|
Cherise Fong
Opening April 6th in London, Dublin and Manchester.
Awarded
Best Director at Cannes 2000, its unique screening at last Autumn's London
Film Festival sold out well in advance... As "Crouching Tiger, Hidden
Dragon" continues to conquer the western world, Taiwanese director
Edward Yang's three-hour opus "A One and a Two..." finally made
a sneak preview at the ICA on February 4th.
The intrigue involves the members of a family spanning three generations
in modern-day Taipei, from the grandmother fallen in a coma to the little
boy full of questions on life, but the beauty of the film lies in Yang's
discreet and elegant portrayal of human emotions in common situations.
Recreating the spellbinding tempo of his four-hour masterpiece "A
Brighter Summer Day" (which introduced current Ang Lee star Chang
Chen in 1991 as the adolescent gang leader S'ir), each scene of "Yi
Yi" is framed with photographic precision and composed with a cinematic
humour and sensibility which penetrate beyond any need for explicit dialogues
or voyeuristic close-ups. Here any superficial sense of Chinese "inscrutability"

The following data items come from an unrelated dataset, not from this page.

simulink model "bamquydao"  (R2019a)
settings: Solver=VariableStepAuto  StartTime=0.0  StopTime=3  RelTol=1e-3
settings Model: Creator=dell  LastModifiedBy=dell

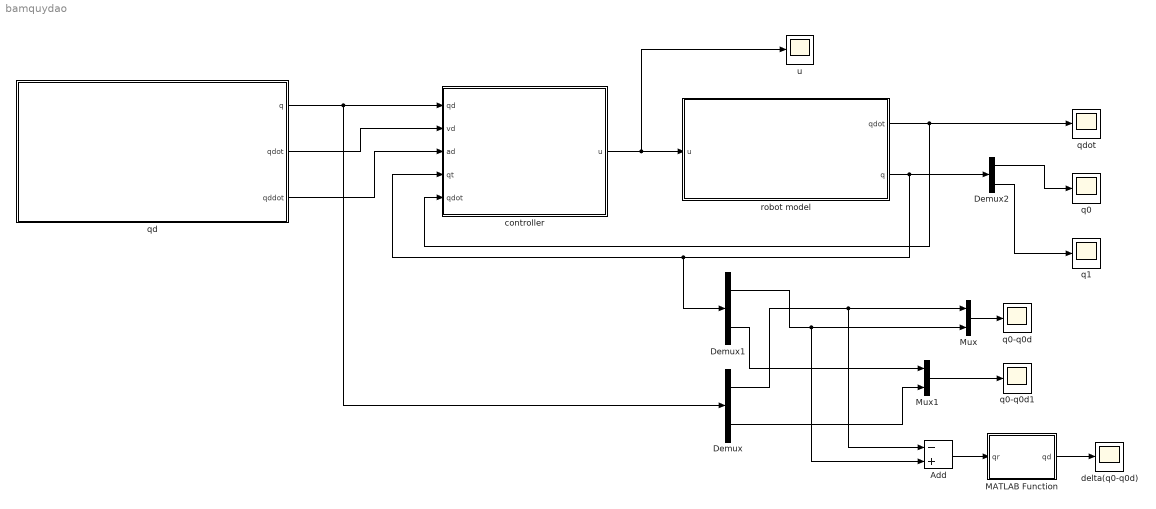
== system bamquydao ==
  Add : Sum  Inputs=-+
  Demux : Demux  Outputs=2
  Demux1 : Demux  Outputs=2
  Demux2 : Demux  Outputs=2
  MATLAB Function : MATLAB Function  TreatAsAtomicUnit=on
  Mux : Mux  Inputs=2
  Mux1 : Mux  Inputs=2
  controller : Subsystem
  delta(q0-q0d) : Scope
  "q0 " : Scope
  q0-q0d : Scope
  q0-q0d1 : Scope
  q1 : Scope
  qd : Subsystem
  qdot : Scope
  robot model : Subsystem
  "u " : Scope
  wires:
  qd/1(q) -> Demux/1, controller/1(qd)
  robot model/2("q ") -> Demux2/1, Demux1/1, controller/4(qt)
  robot model/1(qdot) -> controller/5(qdot), qdot/1
  qd/2(qdot) -> controller/2(vd)
  qd/3(qddot) -> controller/3(ad)
  Demux/1 -> Add/1, Mux/1
  Demux1/1 -> Add/2, Mux/2
  Mux/1 -> q0-q0d/1
  Demux2/1 -> "q0 "/1
  Demux2/2 -> q1/1
  Add/1 -> MATLAB Function/1(qr)
  MATLAB Function/1(qd) -> delta(q0-q0d)/1
  controller/1("u ") -> "u "/1, robot model/1(u)
  Demux1/2 -> Mux1/1
  Demux/2 -> Mux1/2
  Mux1/1 -> q0-q0d1/1

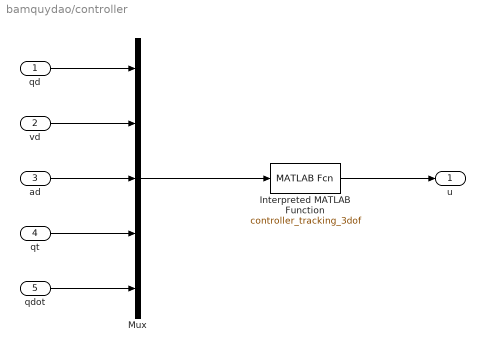
== system bamquydao/controller ==
  qd : Inport
  vd : Inport  Port=2
  ad : Inport  Port=3
  qt : Inport  Port=4
  qdot : Inport  Port=5
  Interpreted MATLAB Function : MATLABFcn  MATLABFcn=controller_tracking_3dof
  Mux : Mux  Inputs=5
  "u " : Outport
  wires:
  Mux/1 -> Interpreted MATLAB Function/1
  qd/1 -> Mux/1
  Interpreted MATLAB Function/1 -> "u "/1
  vd/1 -> Mux/2
  ad/1 -> Mux/3
  qt/1 -> Mux/4
  qdot/1 -> Mux/5

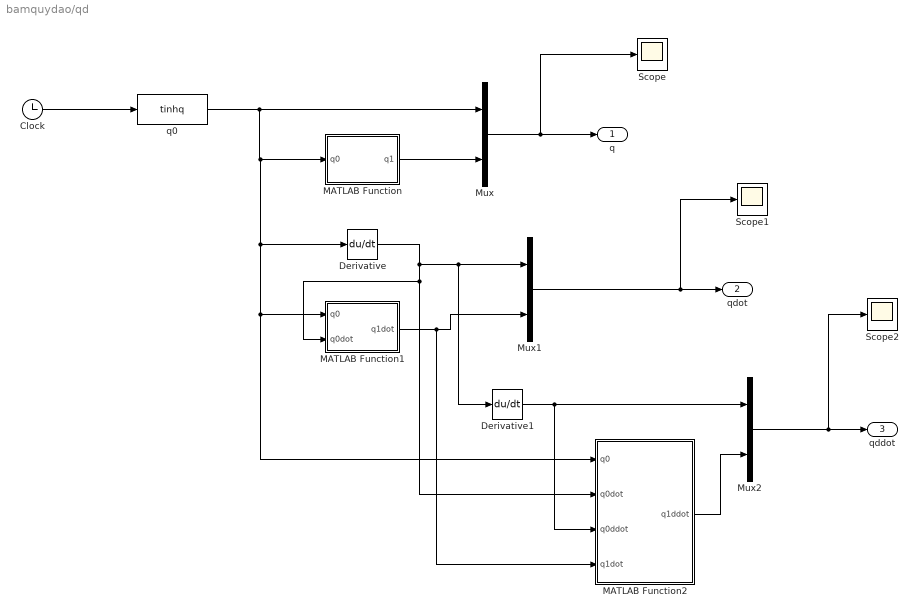
== system bamquydao/qd ==
  Clock : Clock
      settings: Decimation=3
  Derivative : Derivative
  Derivative1 : Derivative
  MATLAB Function : MATLAB Function  TreatAsAtomicUnit=on
  MATLAB Function1 : MATLAB Function  TreatAsAtomicUnit=on
  MATLAB Function2 : MATLAB Function  TreatAsAtomicUnit=on
  Mux : Mux  Inputs=2
  Mux1 : Mux  Inputs=2
  Mux2 : Mux  Inputs=2
  Scope : Scope
  Scope1 : Scope
  Scope2 : Scope
  q0 : MATLABFcn  MATLABFcn=tinhq
  q : Outport
  qdot : Outport  Port=2
  qddot : Outport  Port=3
  wires:
  Clock/1 -> q0/1
  MATLAB Function/1(q1) -> Mux/2
  q0/1 -> MATLAB Function2/1(q0), MATLAB Function1/1(q0), Derivative/1, MATLAB Function/1(q0), Mux/1
  Derivative/1 -> MATLAB Function2/2(q0dot), MATLAB Function1/2(q0dot), Derivative1/1, Mux1/1
  MATLAB Function1/1(q1dot) -> MATLAB Function2/4(q1dot), Mux1/2
  Mux1/1 -> Scope1/1, qdot/1
  Derivative1/1 -> MATLAB Function2/3(q0ddot), Mux2/1
  Mux2/1 -> Scope2/1, qddot/1
  MATLAB Function2/1(q1ddot) -> Mux2/2
  Mux/1 -> q/1, Scope/1

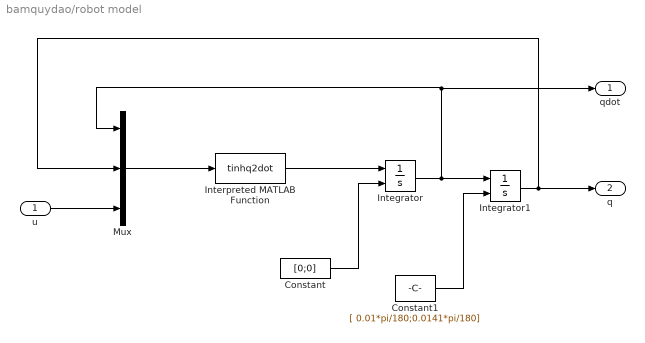
== system bamquydao/robot model ==
  u : Inport
  Constant : Constant  Value=[0;0]
  Constant1 : Constant  Value=[ 0.01*pi/180;0.0141*pi/180]
  Integrator : Integrator  InitialConditionSource=external
  Integrator1 : Integrator  InitialConditionSource=external
  Interpreted MATLAB Function : MATLABFcn  MATLABFcn=tinhq2dot
  Mux : Mux  Inputs=3
  qdot : Outport
  "q " : Outport  Port=2
  wires:
  Mux/1 -> Interpreted MATLAB Function/1
  Integrator/1 -> Mux/1, qdot/1, Integrator1/1
  u/1 -> Mux/3
  Integrator1/1 -> Mux/2, "q "/1
  Interpreted MATLAB Function/1 -> Integrator/1
  Constant/1 -> Integrator/2
  Constant1/1 -> Integrator1/2

== matlab function bamquydao/qd/MATLAB Function1 ==
  data: q0 input; q1dot output; q0dot input
function q1dot = fcn(q0,q0dot)
q1dot=(2*q0dot*(tan(q0^2+1)))/(sqrt(2)*tan(q0^2+1));

== matlab function bamquydao/qd/MATLAB Function ==
  data: q0 input; q1 output
function q1 = fcn(q0)
q1=2*atan((1/sqrt(2))*tan(q0));

== matlab function bamquydao/qd/MATLAB Function2 ==
  data: q0 input; q1ddot output; q0dot input; q0ddot input; q1dot input
function q1ddot = fcn(q0,q0dot,q0ddot,q1dot)
q1ddot=((2*tan(q0)^2+1)*(q0ddot+2*q0dot^2*tan(q0))-0.5*q1dot^2*tan(q0)*(tan(q0)^2+2))/(sqrt(2)*(tan(q0)^2+2));
% q1ddot=(2^(1/2)*(q0ddot*(tan(q0)^2 + 1) + 2*q0dot*tan(q0)*(tan(q0)^2 + 1) - 2^(1/2)*q1dot*tan(q1/2)*(tan(q1/2)^2/2 + 1/2)))/(tan(q1/2)^2 + 1);

== matlab function bamquydao/MATLAB Function ==
  data: qr input; qd output
function qd = fcn(qr)
qd=qr*180/pi;

would be an impoverished vision of the camera's attentive distance, for
it is precisely this conscientious window to each character's soul, and
not the incidental English subtitles, which moves us emotionally.
The film closes with the modesty of eight-year-old Yang-Yang (charming
Takeshi Kitano look-alike Jonathan Chang) reading a letter he wrote the
night before to his Pau-Pau at her funeral. So the insolent young photographer
of the back of people's heads ("to show you something you can't see")
confides to his deceased grandmother that he wishes he knew where she
has gone, in order "to tell people something they don't know".